REQUIREMENT:
Print only the lines from the top of the data through the line with "B01_Joint : mblibv1/Joints/Custom", both included, skipping every picture.

RECORDED DATA:
--- START ---

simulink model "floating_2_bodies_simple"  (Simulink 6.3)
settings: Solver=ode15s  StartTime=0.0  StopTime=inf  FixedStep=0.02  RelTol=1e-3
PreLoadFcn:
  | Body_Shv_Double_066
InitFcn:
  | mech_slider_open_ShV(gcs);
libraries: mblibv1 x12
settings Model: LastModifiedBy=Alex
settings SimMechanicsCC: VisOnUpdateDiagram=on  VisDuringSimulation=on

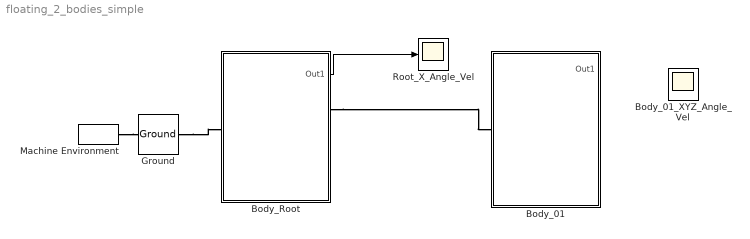
== system floating_2_bodies_simple ==
  Body_01 : Subsystem
  Body_01_XYZ_Angle_Vel : Scope
      settings: TimeRange=600  YMin=-25  YMax=2.5
  Body_Root : Subsystem
  Ground : mblibv1/Bodies/Ground  LeftPortType=env  RightPortType=workingframe  PhysicalDomain=Mechanical  DialogClass=GroundBlock  CoordPosition=[0 0 0]  CoordPositionUnits=m  StateVectorMgrId=-1  MachineId=[1 1]  ShowEnvPort=on
  Machine Environment : mblibv1/Bodies/Machine Environment  Tag=Factory ground  DialogController=MECH.DialogSource  PortType=env  PhysicalDomain=Mechanical  DialogTemplateClass=MECH.MachineEnvironment  SyncWhenCopied=off  Gravity=[0 0 0]  GravityUnits=m/s^2  GravityAsSignal=off  Dimensionality=Auto-detect  AnalysisType=Forward dynamics  LinearAssemblyTolerance=1e-3  LinearAssemblyToleranceUnits=m  AngularAssemblyTolerance=1e-3  AngularAssemblyToleranceUnits=rad  ConstraintSolverType=Stabilizing  ConstraintRelTolerance=1e-4  ConstraintAbsTolerance=1e-4  UseRobustSingularityHandling=off  StatePerturbationType=Fixed  PerturbationSize=1e-5  VisualizeMachine=on
  Root_X_Angle_Vel : Scope
      settings: TimeRange=600  YMin=-125  YMax=100
  wires:
  Body_Root/1(Out1) -> Root_X_Angle_Vel/1
  ? -> Body_01_XYZ_Angle_Vel/1
  connections:
  Machine Environment/RConn1 -- Ground/LConn1
  Ground/RConn1 -- Body_Root/LConn1
  Body_Root/RConn1 -- Body_01/LConn1

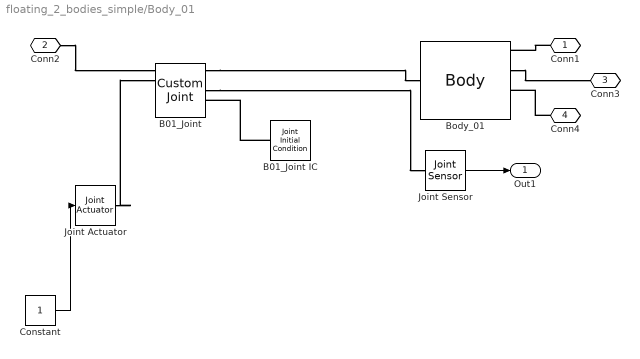
== system floating_2_bodies_simple/Body_01 ==
  B01_Joint : mblibv1/Joints/Custom Joint  PhysicalDomain=mechanical  SubClassName=custom_joint  LeftPortType=blob  RightPortType=blob  LConnTagsString=__newl0|SA1|SA2|SA3|SA4  RConnTagsString=__newr0|SA1|SA2|SA3|SA4  NumSAPorts=8  CutJoint=off  MarkAsCut=off  Primitives=revolute_revolute_revolute  PrimitiveProps=R3$WORLD$[0 0 1]$revolute#R1$WORLD$[1 0 0]$revolute#R2$WORLD$[0 1 0]$revolute  DialogClass=JointBlock
  B01_Joint IC : mblibv1/Sensors &  Actuators/Joint Initial Condition  Orientation=left  PhysicalDomain=mechanical  DialogClass=InitialConditionBlock  InitialConditions=P1$false$0$m$rad$0$m/s$rad/s#P2$false$0$m$rad$0$m/s$rad/s#P3$false$0$m$rad$0$m/s$rad/s#R1$false$0$m$rad$0$m/s$rad/s#R2$false$0$m$rad$0$m/s$rad/s#R3$false$30$m$deg$0$m/s$rad/s#S$false$0$m$rad$0$m/s$rad/s
  Body_01 : mblibv1/Bodies/Body  PhysicalDomain=mechanical  SubClassName=Unknown  LeftPortType=workingframe  RightPortType=workingframe  LConnTagsString=CS1  RConnTagsString=CS2|CS3|CS4|CS5  DialogClass=MechanicalBodyBlock  Mass=1  MassUnits=kg  InertiaUnits=kg*m^2  Inertia=[ 1/12 0 0; 0 .001 0; 0 0 1/12]  Shape=Cylinder  ShapeDims=[1 1]  ShapeUnits=m  ShapeUse=false  Density=1  DensityUnits=kg/m^3  DensityUse=false  CG=Left$CG$[0 -Body_Size 0]$CS1$CS1$m$[0 0 0]$Euler X-Y-Z$deg$WORLD$false  WorkingFrames=Left$CS1$[0 0 0]$ADJOINING$ADJOINING$m$[0 0 0]$Euler X-Y-Z$deg$WORLD$true#Right$CS2$[0 -Body_Size 0]$CG$CG$m$[0 0 0]$Euler X-Y-Z$deg$WORLD$true#Right$CS3$[-0.5*Body_Size -Body_Size 0]$CG$CG$m$[0 0 0]$Euler X-Y-Z$deg$WORLD$true#Right$CS4$[0.5*Body_Size -Body_Size 0]$CG$CG$m$[0 0 0]$Euler X-Y-Z$deg$WORLD$true#Right$CS5$[0 -Body_Size -0.2*Body_Size]$CG$CG$m$[0 0 0]$Euler X-Y-Z$deg$WORLD$true
  Constant : Constant
  Joint Actuator : mblibv1/Sensors &  Actuators/Joint Actuator  PhysicalDomain=Mechanical  PortType=blob  ActuationStyle=Force  AngleUnits=deg  ArcVelocityUnits=deg/s  ArcAccelerationUnits=deg/s^2  CoordPositionUnits=m  VelocityUnits=m/s  AccelerationUnits=m/s^2  ForceUnits=N  TorqueUnits=N-m  ActiveIO=on  Width=1  DialogClass=MechanicalActuatorBlock  Primitive=R1  ReferenceFrame=Absolute (INERTIAL)
  Joint Sensor : mblibv1/Sensors &  Actuators/Joint Sensor  PhysicalDomain=Mechanical  PortType=blob  Muxed=on  Pose=off  Angle=off  AngleUnits=deg  ArcVelocity=on  ArcVelocityUnits=deg/s  ArcAcceleration=off  ArcAccelerationUnits=deg/s^2  CoordPosition=on  CoordPositionUnits=m  Velocity=off  VelocityUnits=m/s  Acceleration=off  AccelerationUnits=m/s^2  Quaternion=on  QuaternionDT=off  QuaternionDDT=off  QuaternionUnits=off  OutputVector=[ 1 ]  ActiveIO=on  Width=1  DialogClass=MechanicalSensorBlock  Primitive=R3  Force=off  ForceUnits=N  Torque=off  TorqueUnits=N-m  ReferenceFrame=Absolute (INERTIAL)  ReactionSensedSide=Base  ReactionReferenceFrame=Local (Body CS)  ReactionForce=off  ReactionForceUnits=N  ReactionMoment=off  ReactionMomentUnits=N-m
  Conn1 : PMIOPort  Orientation=left  Port=1  Side=Right
  Conn2 : PMIOPort  Port=2  Side=Left
  Conn3 : PMIOPort  Orientation=left  Port=3  Side=Right
  Conn4 : PMIOPort  Orientation=left  Port=4  Side=Right
  Out1 : Outport
  wires:
  Joint Sensor/1 -> Out1/1
  Constant/1 -> Joint Actuator/1
  connections:
  B01_Joint/RConn1 -- Body_01/LConn1
  B01_Joint/RConn3 -- Joint Sensor/LConn1
  Conn1/RConn1 -- Body_01/RConn1
  Conn2/RConn1 -- B01_Joint/LConn1
  Conn4/RConn1 -- Body_01/RConn3
  B01_Joint IC/RConn1 -- B01_Joint/RConn4
  Body_01/RConn2 -- Conn3/RConn1
  Joint Actuator/RConn1 -- B01_Joint/LConn2

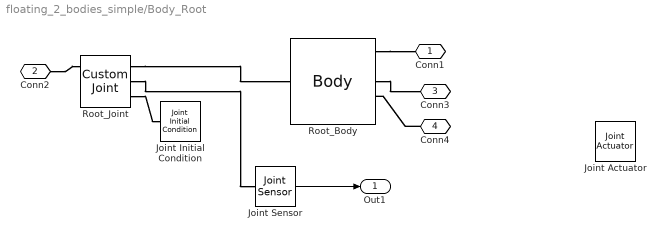
== system floating_2_bodies_simple/Body_Root ==
  Joint Actuator : mblibv1/Sensors &  Actuators/Joint Actuator  PhysicalDomain=Mechanical  PortType=blob  ActuationStyle=Force  AngleUnits=deg  ArcVelocityUnits=deg/s  ArcAccelerationUnits=deg/s^2  CoordPositionUnits=m  VelocityUnits=m/s  AccelerationUnits=m/s^2  ForceUnits=N  TorqueUnits=N-m  ActiveIO=off  Width=0  DialogClass=MechanicalActuatorBlock  Primitive=None  ReferenceFrame=Absolute (INERTIAL)
  Joint Initial Condition : mblibv1/Sensors &  Actuators/Joint Initial Condition  Orientation=left  PhysicalDomain=mechanical  DialogClass=InitialConditionBlock  InitialConditions=P1$false$0$m$rad$0$m/s$rad/s#P2$false$0$m$rad$0$m/s$rad/s#P3$false$0$m$rad$0$m/s$rad/s#R1$true$0$m$rad$1$m/s$rad/s#R2$false$0$m$rad$.0$m/s$rad/s#R3$false$0$m$rad$.5$m/s$rad/s#S$false$0$m$rad$0$m/s$rad/s
  Joint Sensor : mblibv1/Sensors &  Actuators/Joint Sensor  PhysicalDomain=Mechanical  PortType=blob  Muxed=on  Pose=off  Angle=off  AngleUnits=deg  ArcVelocity=on  ArcVelocityUnits=deg/s  ArcAcceleration=off  ArcAccelerationUnits=deg/s^2  CoordPosition=on  CoordPositionUnits=m  Velocity=off  VelocityUnits=m/s  Acceleration=off  AccelerationUnits=m/s^2  Quaternion=on  QuaternionDT=off  QuaternionDDT=off  QuaternionUnits=off  OutputVector=[ 1 ]  ActiveIO=on  Width=1  DialogClass=MechanicalSensorBlock  Primitive=R1  Force=off  ForceUnits=N  Torque=off  TorqueUnits=N-m  ReferenceFrame=Absolute (INERTIAL)  ReactionSensedSide=Base  ReactionReferenceFrame=Local (Body CS)  ReactionForce=off  ReactionForceUnits=N  ReactionMoment=off  ReactionMomentUnits=N-m
  Root_Body : mblibv1/Bodies/Body  PhysicalDomain=mechanical  SubClassName=Unknown  LeftPortType=workingframe  RightPortType=workingframe  LConnTagsString=CG  RConnTagsString=CS1|CS2|CS3|CS4|CS5  DialogClass=MechanicalBodyBlock  Mass=1  MassUnits=kg  InertiaUnits=kg*m^2  Inertia=[ 1/12 0 0; 0 .001 0; 0 0 1/12]  Shape=Cylinder  ShapeDims=[1 1]  ShapeUnits=m  ShapeUse=false  Density=1  DensityUnits=kg/m^3  DensityUse=false  CG=Left$CG$[0 0 0]$WORLD$WORLD$m$[0 0 0]$Euler X-Y-Z$deg$WORLD$true  WorkingFrames=Right$CS1$[0 Body_Size 0]$CG$CG$m$[0 0 0]$Euler X-Y-Z$deg$WORLD$true#Right$CS2$[0 -Body_Size 0]$CG$CG$m$[0 0 0]$Euler X-Y-Z$deg$WORLD$true#Right$CS3$[-0.4*Body_Size Body_Size 0]$CG$CG$m$[0 0 0]$Euler X-Y-Z$deg$WORLD$true#Right$CS4$[0.4*Body_Size Body_Size 0]$CG$CG$m$[0 0 0]$Euler X-Y-Z$deg$WORLD$true#Right$CS5$[0 Body_Size -0.2*Body_Size]$CG$CG$m$[0 0 0]$Euler X-Y-Z$deg$WORLD$true
  Root_Joint : mblibv1/Joints/Custom Joint  PhysicalDomain=mechanical  SubClassName=custom_joint  LeftPortType=blob  RightPortType=blob  LConnTagsString=__newl0|SA1|SA2  RConnTagsString=__newr0|SA1|SA2  NumSAPorts=4  CutJoint=off  MarkAsCut=off  Primitives=prismatic_prismatic_prismatic_revolute_revolute_revolute  PrimitiveProps=P1$WORLD$[1 0 0]$prismatic#P2$WORLD$[0 1 0]$prismatic#P3$WORLD$[0 0 1]$prismatic#R1$WORLD$[1 0 0]$revolute#R2$WORLD$[0 1 0]$revolute#R3$WORLD$[0 0 1]$revolute  DialogClass=JointBlock
  Conn1 : PMIOPort  Orientation=left  Port=1  Side=Right
  Conn2 : PMIOPort  Port=2  Side=Left
  Conn3 : PMIOPort  Orientation=left  Port=3  Side=Right
  Conn4 : PMIOPort  Orientation=left  Port=4  Side=Right
  Out1 : Outport
  wires:
  Joint Sensor/1 -> Out1/1
  connections:
  Root_Joint/RConn2 -- Joint Sensor/LConn1
  Conn2/RConn1 -- Root_Joint/LConn1
  Conn4/RConn1 -- Root_Body/RConn4
  Root_Body/RConn3 -- Conn3/RConn1
  Root_Joint/RConn1 -- Root_Body/LConn1
  Root_Body/RConn1 -- Conn1/RConn1
  Root_Joint/RConn3 -- Joint Initial Condition/RConn1

--- END ---

ANSWER TO THIS EXERCISE:
simulink model "floating_2_bodies_simple"  (Simulink 6.3)
settings: Solver=ode15s  StartTime=0.0  StopTime=inf  FixedStep=0.02  RelTol=1e-3
PreLoadFcn:
  | Body_Shv_Double_066
InitFcn:
  | mech_slider_open_ShV(gcs);
libraries: mblibv1 x12
settings Model: LastModifiedBy=Alex
settings SimMechanicsCC: VisOnUpdateDiagram=on  VisDuringSimulation=on

== system floating_2_bodies_simple ==
  Body_01 : Subsystem
  Body_01_XYZ_Angle_Vel : Scope
      settings: TimeRange=600  YMin=-25  YMax=2.5
  Body_Root : Subsystem
  Ground : mblibv1/Bodies/Ground  LeftPortType=env  RightPortType=workingframe  PhysicalDomain=Mechanical  DialogClass=GroundBlock  CoordPosition=[0 0 0]  CoordPositionUnits=m  StateVectorMgrId=-1  MachineId=[1 1]  ShowEnvPort=on
  Machine Environment : mblibv1/Bodies/Machine Environment  Tag=Factory ground  DialogController=MECH.DialogSource  PortType=env  PhysicalDomain=Mechanical  DialogTemplateClass=MECH.MachineEnvironment  SyncWhenCopied=off  Gravity=[0 0 0]  GravityUnits=m/s^2  GravityAsSignal=off  Dimensionality=Auto-detect  AnalysisType=Forward dynamics  LinearAssemblyTolerance=1e-3  LinearAssemblyToleranceUnits=m  AngularAssemblyTolerance=1e-3  AngularAssemblyToleranceUnits=rad  ConstraintSolverType=Stabilizing  ConstraintRelTolerance=1e-4  ConstraintAbsTolerance=1e-4  UseRobustSingularityHandling=off  StatePerturbationType=Fixed  PerturbationSize=1e-5  VisualizeMachine=on
  Root_X_Angle_Vel : Scope
      settings: TimeRange=600  YMin=-125  YMax=100
  wires:
  Body_Root/1(Out1) -> Root_X_Angle_Vel/1
  ? -> Body_01_XYZ_Angle_Vel/1
  connections:
  Machine Environment/RConn1 -- Ground/LConn1
  Ground/RConn1 -- Body_Root/LConn1
  Body_Root/RConn1 -- Body_01/LConn1

== system floating_2_bodies_simple/Body_01 ==
  B01_Joint : mblibv1/Joints/Custom Joint  PhysicalDomain=mechanical  SubClassName=custom_joint  LeftPortType=blob  RightPortType=blob  LConnTagsString=__newl0|SA1|SA2|SA3|SA4  RConnTagsString=__newr0|SA1|SA2|SA3|SA4  NumSAPorts=8  CutJoint=off  MarkAsCut=off  Primitives=revolute_revolute_revolute  PrimitiveProps=R3$WORLD$[0 0 1]$revolute#R1$WORLD$[1 0 0]$revolute#R2$WORLD$[0 1 0]$revolute  DialogClass=JointBlock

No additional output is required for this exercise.